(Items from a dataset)
BEGIN

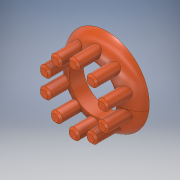
# Autodesk Inventor part: Orangatang Kegel Flat Face Adapter
Saved by Autodesk Inventor 2019.2 (Build 232265000, 265)
## iProperties
Created: 2018-11-27
Part Number: Orangatang Kegel Flat Face Adapter
Material: ABS Plastic
Document SubType Name: Modeling
Designer: Petar
Density: 1.06 g/cm^3
Appearance: Smooth - Light Orange
Author: Petar
Autodesk Inventor part; units mm, degrees
ref_plane "YZ Plane" through (0, 0, 0) normal (1, 0, 0) x (0, 1, 0)
ref_plane "XZ Plane" through (0, 0, 0) normal (0, 1, 0) x (-1, 0, 0)
ref_plane "Work Plane1" through (22.0703, 22.0585, 4.65) normal (0.1285, 0.9917, 0) x (-0.9917, 0.1285, 0)
sketch "Sketch1" plane through (22.0703, 22.0585, 4.65) normal (0.1285, 0.9917, 0) x (-0.9917, 0.1285, 0)
  line L0 (21.9945, 0) -> (-22.0404, 0) construction
  line L1 (0, -9.17) -> (0, 22.47) construction
  line L2 (-12.4923, 7.4051) -> (12.5154, 7.4051) construction
  line L3 (22.0351, 0) -> (-22.0495, 0) construction
  line L4 (-12.4923, 7.4051) -> (-12.4982, 7.4051) construction
  line L5 (-21.4921, 1.5865) -> (-22.0495, 0) construction
  spline S0 degree 4 poles (-12.4923, 7.4051) (-12.4982, 7.4051) (-12.8242, 7.3833) (-16.2631, 6.7275) (-19.5452, 4.9979) (-21.4921, 1.5865) (-22.0495, 0) knots 1 1 1 1 1 1.001686 1.104032 2 2 2 2 2
  line L6 (-19.5452, 4.9979) -> (-21.4921, 1.5865) construction
  line L7 (-12.4982, 7.4051) -> (-12.8242, 7.3833) construction
  line L8 (-12.8242, 7.3833) -> (-16.2631, 6.7275) construction
  line L9 (-16.2631, 6.7275) -> (-19.5452, 4.9979) construction
  line L10 (-22.0495, 0) -> (0, 0)
  line L11 (0, 7.4051) -> (-12.4923, 7.4051)
  line L12 (0, 7.4051) -> (0, 0)
  point P0 (19.0532, -4.65)
  constraints: 8 end point, 3 point on line, 2 collinear, 1 horizontal, 3 other
revolve "Revolution1" add sketch "Sketch1" angle 360 about axis through (22.0703, 22.0585, 4.65) along (0, 0, 1)
sketch "Sketch2" plane through (22.0703, 22.0585, 4.65) normal (0, 0, -1) x (-1, 0, 0)
  circle A0 centre (0, 0) radius 12.4923 projected
  circle A1 centre (0, -15.85) radius 2.9
  line L0 (0, -15.85) -> (0, 0) construction
  point P0 (-21.8668, -2.833)
  point P1 (22.0703, -22.0585)
  point P2 (-12.3887, -1.6051)
  dimension "d1" = 5.8
  dimension "d2" = 15.85
  constraints: 2 end point, 1 centre point, 1 vertical, 1 other
  measures "d1" diameter of A1
  measures "d2" distance of L0.start L0.end
extrude "Extrusion1" cut sketch "Sketch2" against normal through all contours A0
extrude "Extrusion2" add sketch "Sketch2" against normal blind 18 contours A1
chamfer "Chamfer1" distance 1 angle 45 1 edges at (24.9703, 6.2085, 22.65)
pattern_circular "Circular Pattern1" count 10 over 360 about axis through (22.0703, 22.0585, 4.65) along (0, 0, 1) of "Extrusion2", "Chamfer1"
body "Solid1"

END

Please output exactly the lines of the data above, from its first line through the line with "line L11 (0, 7.4051) -> (-12.4923, 7.4051)", and nothing else; drop the pictures.

# Autodesk Inventor part: Orangatang Kegel Flat Face Adapter
Saved by Autodesk Inventor 2019.2 (Build 232265000, 265)
## iProperties
Created: 2018-11-27
Part Number: Orangatang Kegel Flat Face Adapter
Material: ABS Plastic
Document SubType Name: Modeling
Designer: Petar
Density: 1.06 g/cm^3
Appearance: Smooth - Light Orange
Author: Petar
Autodesk Inventor part; units mm, degrees
ref_plane "YZ Plane" through (0, 0, 0) normal (1, 0, 0) x (0, 1, 0)
ref_plane "XZ Plane" through (0, 0, 0) normal (0, 1, 0) x (-1, 0, 0)
ref_plane "Work Plane1" through (22.0703, 22.0585, 4.65) normal (0.1285, 0.9917, 0) x (-0.9917, 0.1285, 0)
sketch "Sketch1" plane through (22.0703, 22.0585, 4.65) normal (0.1285, 0.9917, 0) x (-0.9917, 0.1285, 0)
  line L0 (21.9945, 0) -> (-22.0404, 0) construction
  line L1 (0, -9.17) -> (0, 22.47) construction
  line L2 (-12.4923, 7.4051) -> (12.5154, 7.4051) construction
  line L3 (22.0351, 0) -> (-22.0495, 0) construction
  line L4 (-12.4923, 7.4051) -> (-12.4982, 7.4051) construction
  line L5 (-21.4921, 1.5865) -> (-22.0495, 0) construction
  spline S0 degree 4 poles (-12.4923, 7.4051) (-12.4982, 7.4051) (-12.8242, 7.3833) (-16.2631, 6.7275) (-19.5452, 4.9979) (-21.4921, 1.5865) (-22.0495, 0) knots 1 1 1 1 1 1.001686 1.104032 2 2 2 2 2
  line L6 (-19.5452, 4.9979) -> (-21.4921, 1.5865) construction
  line L7 (-12.4982, 7.4051) -> (-12.8242, 7.3833) construction
  line L8 (-12.8242, 7.3833) -> (-16.2631, 6.7275) construction
  line L9 (-16.2631, 6.7275) -> (-19.5452, 4.9979) construction
  line L10 (-22.0495, 0) -> (0, 0)
  line L11 (0, 7.4051) -> (-12.4923, 7.4051)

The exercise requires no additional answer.